I. En la vida corriente, el llamar a una persona por su nombre indica familiaridad. «Suele suponer un paso decisivo en una amistad, aun casual, el que dos personas empiecen, sin esfuerzo y sin embarazo, a llamarse mutuamente por sus nombres de pila. Y cuando nos enamoramos, y todas nuestras experiencias se hacen más agudas y las cosas pequeñas significan tanto para nosotros, hay un nombre propio en el mundo que arroja un hechizo sobre nuestros ojos y oídos, cuando lo vemos escrito en la página de un libro o cuando lo oímos en una conversación; su simple encuentro nos estremece. Este sentido de amor personal fue el que personas como San Bernardo dieron al nombre de Jesús»1. También para nosotros el Señor lo es todo, y por eso le tratamos con toda confianza.

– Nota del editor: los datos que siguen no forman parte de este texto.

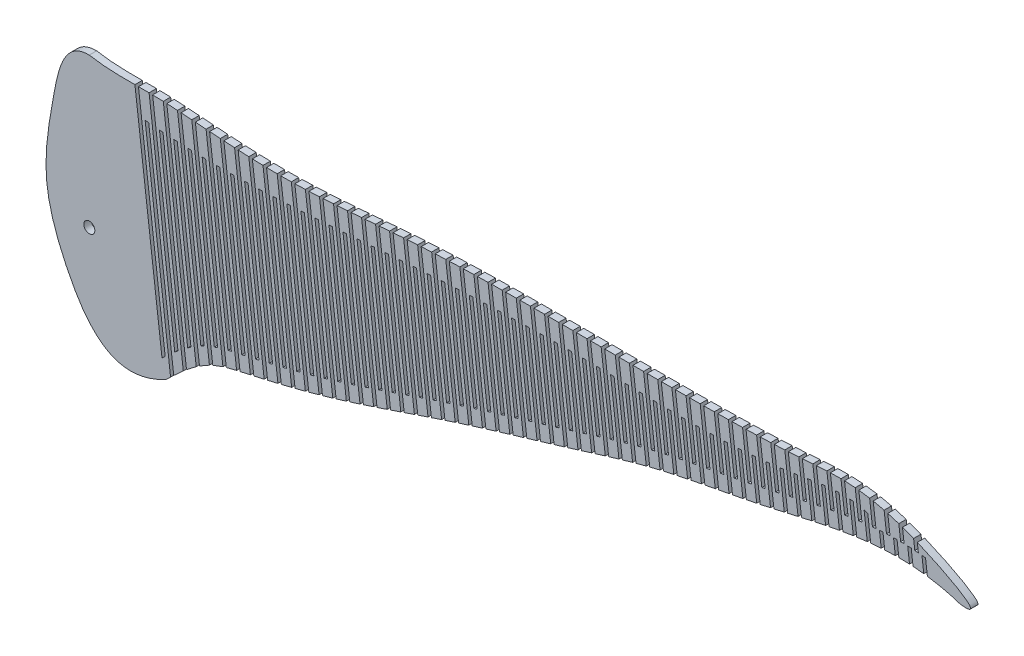
SolidWorks part; units mm, degrees
ref_plane "Front Plane" through (0, 0, 0) normal (0, 0, 1) x (1, 0, 0)
ref_plane "Top Plane" through (0, 0, 0) normal (0, 1, 0) x (1, 0, 0)
ref_plane "Right Plane" through (0, 0, 0) normal (1, 0, 0) x (0, 0, -1)
sketch "Sketch1" plane through (0, 0, 0) normal (0, 0, 1) x (1, 0, 0)
  line L0 (302.5, 350) -> (1512.5, 350) construction
  circle A0 centre (567.1336, 244.6808) radius 2.3812
  spline S0 degree 3 poles (600.4259, 204.6487) (606.7816, 210.8773) (616.6645, 220.058) (640.457, 225.1521) (675.3526, 233.403) (721.2401, 250.3771) (769.3486, 264.0871) (812.9063, 278.2152) (869.1744, 286.9675) (914.4097, 301.2518) (942.415, 291.7005) knots 0.067185 0.067185 0.067185 0.067185 0.134805 0.169915 0.254869 0.416958 0.551289 0.647146 0.774192 1 1 1 1
  spline S1 degree 3 poles (567.1336, 308.9768) (568.72, 308.6788) (577.9261, 307.3771) (593.7513, 308.2492) (620.2471, 306.2074) (657.6694, 303.8802) (709.4341, 310.0538) (762.3439, 310.4228) (816.8394, 310.2811) (875.3509, 310.7032) (908.5345, 316.1056) (953.925, 290.4379) (942.415, 291.7005) knots 0.040646 0.040646 0.040646 0.040646 0.052792 0.110595 0.156897 0.250722 0.388424 0.543858 0.641456 0.800742 0.941142 1 1 1 1
  spline S2 degree 3 poles (571.9268, 308.2818) (556.6626, 312.2623) (551.2163, 284.1495) (546.0116, 252.996) (559.7153, 216.0207) (577.7709, 191.9486) (600.4259, 204.6487) knots 0 0 0 0 0.228542 0.463661 0.652574 1 1 1 1
  dimension "D44" = 4.7625
  dimension "D1" = 548.9986
  dimension "D2" = 551.7183
  dimension "D3" = 557.9576
  dimension "D4" = 559.9938
  dimension "D5" = 567.1336
  dimension "D6" = 571.9268
  dimension "D7" = 595.2442
  dimension "D8" = 600.4259
  dimension "D9" = 613.8982
  dimension "D10" = 621.1525
  dimension "D11" = 634.1066
  dimension "D12" = 651.7242
  dimension "D13" = 665.7147
  dimension "D14" = 707.1679
  dimension "D15" = 724.7856
  dimension "D16" = 769.866
  dimension "D17" = 774.0113
  dimension "D18" = 809.2465
  dimension "D19" = 856.9177
  dimension "D20" = 873.499
  dimension "D21" = 925.8337
  dimension "D22" = 929.4609
  dimension "D23" = 942.415
  dimension "D24" = 946.0422
  dimension "D25" = 204.6487
  dimension "D26" = 220.1937
  dimension "D27" = 223.8208
  dimension "D28" = 231.5933
  dimension "D29" = 250.7654
  dimension "D30" = 265.7922
  dimension "D31" = 276.1555
  dimension "D32" = 286.0007
  dimension "D33" = 291.7005
  dimension "D34" = 295.3277
  dimension "D35" = 303.1001
  dimension "D36" = 305.1728
  dimension "D37" = 306.7273
  dimension "D38" = 307.7636
  dimension "D39" = 308.2818
  dimension "D40" = 308.8
  dimension "D41" = 308.9768
  dimension "D42" = 310.3545
  dimension "D43" = 311.9089
extrude "Boss-Extrude2" add sketch "Sketch1" along normal blind 3.175 contours S1 S2 S0 A0 | S1 S0 S2 region at (685.9886, 273.0456, 0)
sketch "Sketch3" plane through (0, 0, 3.175) normal (0, 0, 1) x (1, 0, 0)
  line L1 (586.2707, 312.0618) -> (598.4557, 211.5854)
  line L2 (587.7923, 312.0816) -> (599.8225, 212.8815)
  line L3 (591.1842, 296.6788) -> (603.0411, 198.9077)
  line L4 (592.7259, 296.5333) -> (604.5144, 199.3261)
  line L5 (592.3571, 312.1409) -> (603.9455, 216.5844)
  line L6 (593.8787, 312.1607) -> (605.3292, 217.741)
  line L7 (597.3447, 296.1474) -> (608.9342, 200.5812)
  line L8 (598.8823, 296.035) -> (610.4075, 200.9996)
  line L9 (598.4435, 312.22) -> (609.5153, 220.923)
  line L10 (599.9651, 312.2398) -> (610.9235, 221.8782)
  line L11 (603.4895, 295.7448) -> (614.8273, 202.2547)
  line L12 (605.0234, 295.6632) -> (616.3005, 202.6731)
  line L13 (604.5299, 312.2991) -> (615.1897, 224.3995)
  line L14 (606.0515, 312.3189) -> (616.6262, 225.1212)
  line L15 (609.6198, 295.4618) -> (620.7203, 203.9282)
  line L16 (611.1503, 295.4087) -> (622.1936, 204.3465)
  line L17 (610.6163, 312.3782) -> (620.9792, 226.9267)
  line L18 (612.1379, 312.398) -> (622.4433, 227.4209)
  line L19 (615.7368, 295.289) -> (626.6134, 205.6017)
  line L20 (617.264, 295.262) -> (628.0866, 206.02)
  line L21 (616.7027, 312.4574) -> (626.8637, 228.6709)
  line L22 (618.2243, 312.4771) -> (628.3439, 229.0317)
  line L23 (621.8415, 295.2173) -> (632.5064, 207.2751)
  line L24 (623.3659, 295.214) -> (633.9797, 207.6935)
  line L25 (622.7891, 312.5365) -> (632.7944, 230.034)
  line L26 (624.3107, 312.5563) -> (634.2786, 230.3625)
  line L27 (627.935, 295.2374) -> (638.3995, 208.9486)
  line L28 (629.4568, 295.2557) -> (639.8727, 209.367)
  line L29 (628.8755, 312.6156) -> (638.7293, 231.3625)
  line L30 (630.3971, 312.6354) -> (640.2122, 231.7014)
  line L31 (634.0185, 295.3404) -> (644.2925, 210.6221)
  line L32 (635.538, 295.3781) -> (645.7658, 211.0405)
  line L33 (634.9619, 312.6947) -> (644.6586, 232.737)
  line L34 (636.4835, 312.7145) -> (646.1399, 233.0892)
  line L35 (640.093, 295.5175) -> (650.1856, 212.2956)
  line L36 (641.6104, 295.5723) -> (651.6588, 212.7139)
  line L37 (641.0483, 312.7738) -> (650.5808, 234.1697)
  line L38 (642.5699, 312.7936) -> (652.0601, 234.5384)
  line L39 (646.1597, 295.7599) -> (656.0786, 213.9691)
  line L40 (647.6752, 295.8296) -> (657.5519, 214.3874)
  line L41 (647.1347, 312.853) -> (656.4945, 235.6732)
  line L42 (648.6563, 312.8727) -> (657.9714, 236.0616)
  line L43 (652.2194, 296.0586) -> (661.9717, 215.6425)
  line L44 (653.7334, 296.1411) -> (663.4449, 216.0609)
  line L45 (653.2211, 312.9321) -> (662.3981, 237.2602)
  line L46 (654.7427, 312.9518) -> (663.8722, 237.6715)
  line L47 (658.2734, 296.4052) -> (667.8647, 217.316)
  line L48 (659.7861, 296.4983) -> (669.338, 217.7344)
  line L49 (659.3076, 313.0112) -> (668.2902, 238.9415)
  line L50 (660.8292, 313.031) -> (669.7614, 239.3763)
  line L51 (664.3226, 296.791) -> (673.7578, 218.9895)
  line L52 (665.8343, 296.8926) -> (675.231, 219.4079)
  line L53 (665.394, 313.0903) -> (674.1715, 240.7113)
  line L54 (666.9156, 313.1101) -> (675.6404, 241.1658)
  line L55 (670.3681, 297.2075) -> (679.6508, 220.663)
  line L56 (671.879, 297.3153) -> (681.1241, 221.0813)
  line L57 (671.4804, 313.1694) -> (680.044, 242.5545)
  line L58 (673.002, 313.1892) -> (681.511, 243.0249)
  line L59 (676.4109, 297.646) -> (685.5439, 222.3365)
  line L60 (677.9213, 297.7581) -> (687.0172, 222.7548)
  line L61 (677.5668, 313.2485) -> (685.9094, 244.4559)
  line L62 (679.0884, 313.2683) -> (687.3749, 244.9385)
  line L63 (682.4521, 298.0982) -> (691.4369, 224.0099)
  line L64 (683.9622, 298.2124) -> (692.9102, 224.4283)
  line L65 (683.6532, 313.3277) -> (691.7696, 246.4003)
  line L66 (685.1748, 313.3474) -> (693.2341, 246.8913)
  line L67 (688.4926, 298.5557) -> (697.33, 225.6834)
  line L68 (690.0028, 298.6698) -> (698.8033, 226.1018)
  line L69 (689.7396, 313.4068) -> (697.6265, 248.3722)
  line L70 (691.2612, 313.4266) -> (699.0904, 248.8676)
  line L71 (694.5335, 299.0099) -> (703.2231, 227.3569)
  line L72 (696.0439, 299.122) -> (704.6963, 227.7753)
  line L73 (695.826, 313.4859) -> (703.4819, 250.3563)
  line L74 (697.3476, 313.5057) -> (704.9457, 250.8524)
  line L75 (700.5758, 299.4526) -> (709.1161, 229.0304)
  line L76 (702.0868, 299.5605) -> (710.5894, 229.4487)
  line L77 (701.9124, 313.565) -> (709.3376, 252.3374)
  line L78 (703.434, 313.5848) -> (710.8018, 252.8305)
  line L79 (706.6206, 299.8753) -> (715.0092, 230.7039)
  line L80 (708.1323, 299.9769) -> (716.4824, 231.1222)
  line L81 (707.9988, 313.6441) -> (715.1955, 254.3008)
  line L82 (709.5204, 313.6639) -> (716.6605, 254.7871)
  line L83 (712.6687, 300.2697) -> (720.9022, 232.3773)
  line L84 (714.1814, 300.363) -> (722.3755, 232.7957)
  line L85 (714.0852, 313.7232) -> (721.0573, 256.2318)
  line L86 (715.6068, 313.743) -> (722.5236, 256.7077)
  line L87 (718.7211, 300.63) -> (726.7953, 234.0508)
  line L88 (720.2348, 300.7146) -> (728.2685, 234.4692)
  line L89 (720.1716, 313.8024) -> (726.9247, 258.1173)
  line L90 (721.6932, 313.8221) -> (728.3924, 258.5814)
  line L91 (724.7776, 300.9552) -> (732.6883, 235.7243)
  line L92 (726.2924, 301.0309) -> (734.1616, 236.1427)
  line L93 (726.258, 313.8815) -> (732.7974, 259.9584)
  line L94 (727.7796, 313.9013) -> (734.2663, 260.4129)
  line L95 (730.8385, 301.2449) -> (738.5814, 237.3978)
  line L96 (732.3544, 301.3117) -> (740.0546, 237.8161)
  line L97 (732.3444, 313.9606) -> (738.6743, 261.7648)
  line L98 (733.866, 313.9804) -> (740.1441, 262.2121)
  line L99 (736.9037, 301.4986) -> (744.4744, 239.0713)
  line L100 (738.4207, 301.5564) -> (745.9477, 239.4896)
  line L101 (738.4308, 314.0397) -> (744.5543, 263.5461)
  line L102 (739.9524, 314.0595) -> (746.0246, 263.9886)
  line L103 (742.9734, 301.7159) -> (750.3675, 240.7447)
  line L104 (744.4915, 301.7645) -> (751.8407, 241.1631)
  line L105 (744.5172, 314.1188) -> (750.4361, 265.3121)
  line L106 (746.0388, 314.1386) -> (751.9067, 265.7524)
  line L107 (749.0475, 301.8963) -> (756.2605, 242.4182)
  line L108 (750.5667, 301.9355) -> (757.7338, 242.8366)
  line L109 (750.6036, 314.1979) -> (756.3186, 267.0727)
  line L110 (752.1252, 314.2177) -> (757.7892, 267.5132)
  line L111 (755.1262, 302.0391) -> (762.1536, 244.0917)
  line L112 (756.6465, 302.0689) -> (763.6268, 244.5101)
  line L113 (756.69, 314.2771) -> (762.2006, 268.8379)
  line L114 (758.2116, 314.2968) -> (763.6708, 269.2811)
  line L115 (761.2095, 302.1439) -> (768.0466, 245.7652)
  line L116 (762.731, 302.164) -> (769.5199, 246.1835)
  line L117 (762.7764, 314.3562) -> (768.0807, 270.6176)
  line L118 (764.298, 314.376) -> (769.5504, 271.0659)
  line L119 (767.2975, 302.2099) -> (773.9397, 247.4387)
  line L120 (768.8202, 302.2203) -> (775.413, 247.857)
  line L121 (768.8628, 314.4353) -> (773.958, 272.4215)
  line L122 (770.3844, 314.4551) -> (775.4268, 272.8764)
  line L123 (773.3902, 302.2365) -> (779.8327, 249.1121)
  line L124 (774.9142, 302.2369) -> (781.306, 249.5305)
  line L125 (774.9493, 314.5144) -> (779.8328, 274.2454)
  line L126 (776.4709, 314.5342) -> (781.3015, 274.7015)
  line L127 (779.4879, 302.2229) -> (785.7258, 250.7856)
  line L128 (781.0131, 302.2132) -> (787.1991, 251.204)
  line L129 (781.0357, 314.5935) -> (785.7084, 276.0628)
  line L130 (782.5573, 314.6133) -> (787.1778, 276.5128)
  line L131 (785.5905, 302.1685) -> (791.6188, 252.4591)
  line L132 (787.1169, 302.1484) -> (793.0921, 252.8775)
  line L133 (787.1221, 314.6727) -> (791.5882, 277.8453)
  line L134 (788.6437, 314.6924) -> (793.0592, 278.2822)
  line L135 (791.6981, 302.0727) -> (797.5119, 254.1326)
  line L136 (793.2257, 302.0431) -> (798.9852, 254.5509)
  line L137 (793.2085, 314.7518) -> (797.4757, 279.5649)
  line L138 (794.7301, 314.7715) -> (798.9491, 279.9818)
  line L139 (797.8096, 301.9448) -> (803.405, 255.8061)
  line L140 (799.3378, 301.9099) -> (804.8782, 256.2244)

San Josemaría Escrivá nos aconseja: «Pierde el miedo a llamar al Señor por su nombre –Jesús– y a decirle que le quieres»2.

A un amigo le llamamos por su nombre. ¿Cómo no vamos a llamar a nuestro mejor Amigo por el suyo? Él se llama JESÚS, así lo había llamado el ángel antes de que fuera concebido en el seno materno3. Dios mismo fijó su nombre por medio del Ángel. Con el nombre queda señalada su misión: Jesús significa Salvador. Con Él nos llega la salvación, la seguridad y la verdadera paz: Es el nombre superior a todo nombre, a fin de que al nombre de Jesús se doble toda rodilla en el cielo, en la tierra y en el infierno4.

¡Con cuánto respeto y con cuánta confianza a la vez hemos de repetirlo! También, y de modo especial, cuando nos dirigimos a Él en nuestra oración personal, como ahora: «Jesús, necesito...», «Jesús, yo querría...».

El nombre era de gran importancia entre los judíos. Cuando a alguien se le imponía un nombre se quería expresar lo que había de ser en el futuro. Si no se conocía el nombre de una persona, no se conocía a esta en absoluto. Tachar un nombre era suprimir una vida, y cambiarlo suponía alterar el destino de la persona. El nombre expresaba la realidad profunda de su ser.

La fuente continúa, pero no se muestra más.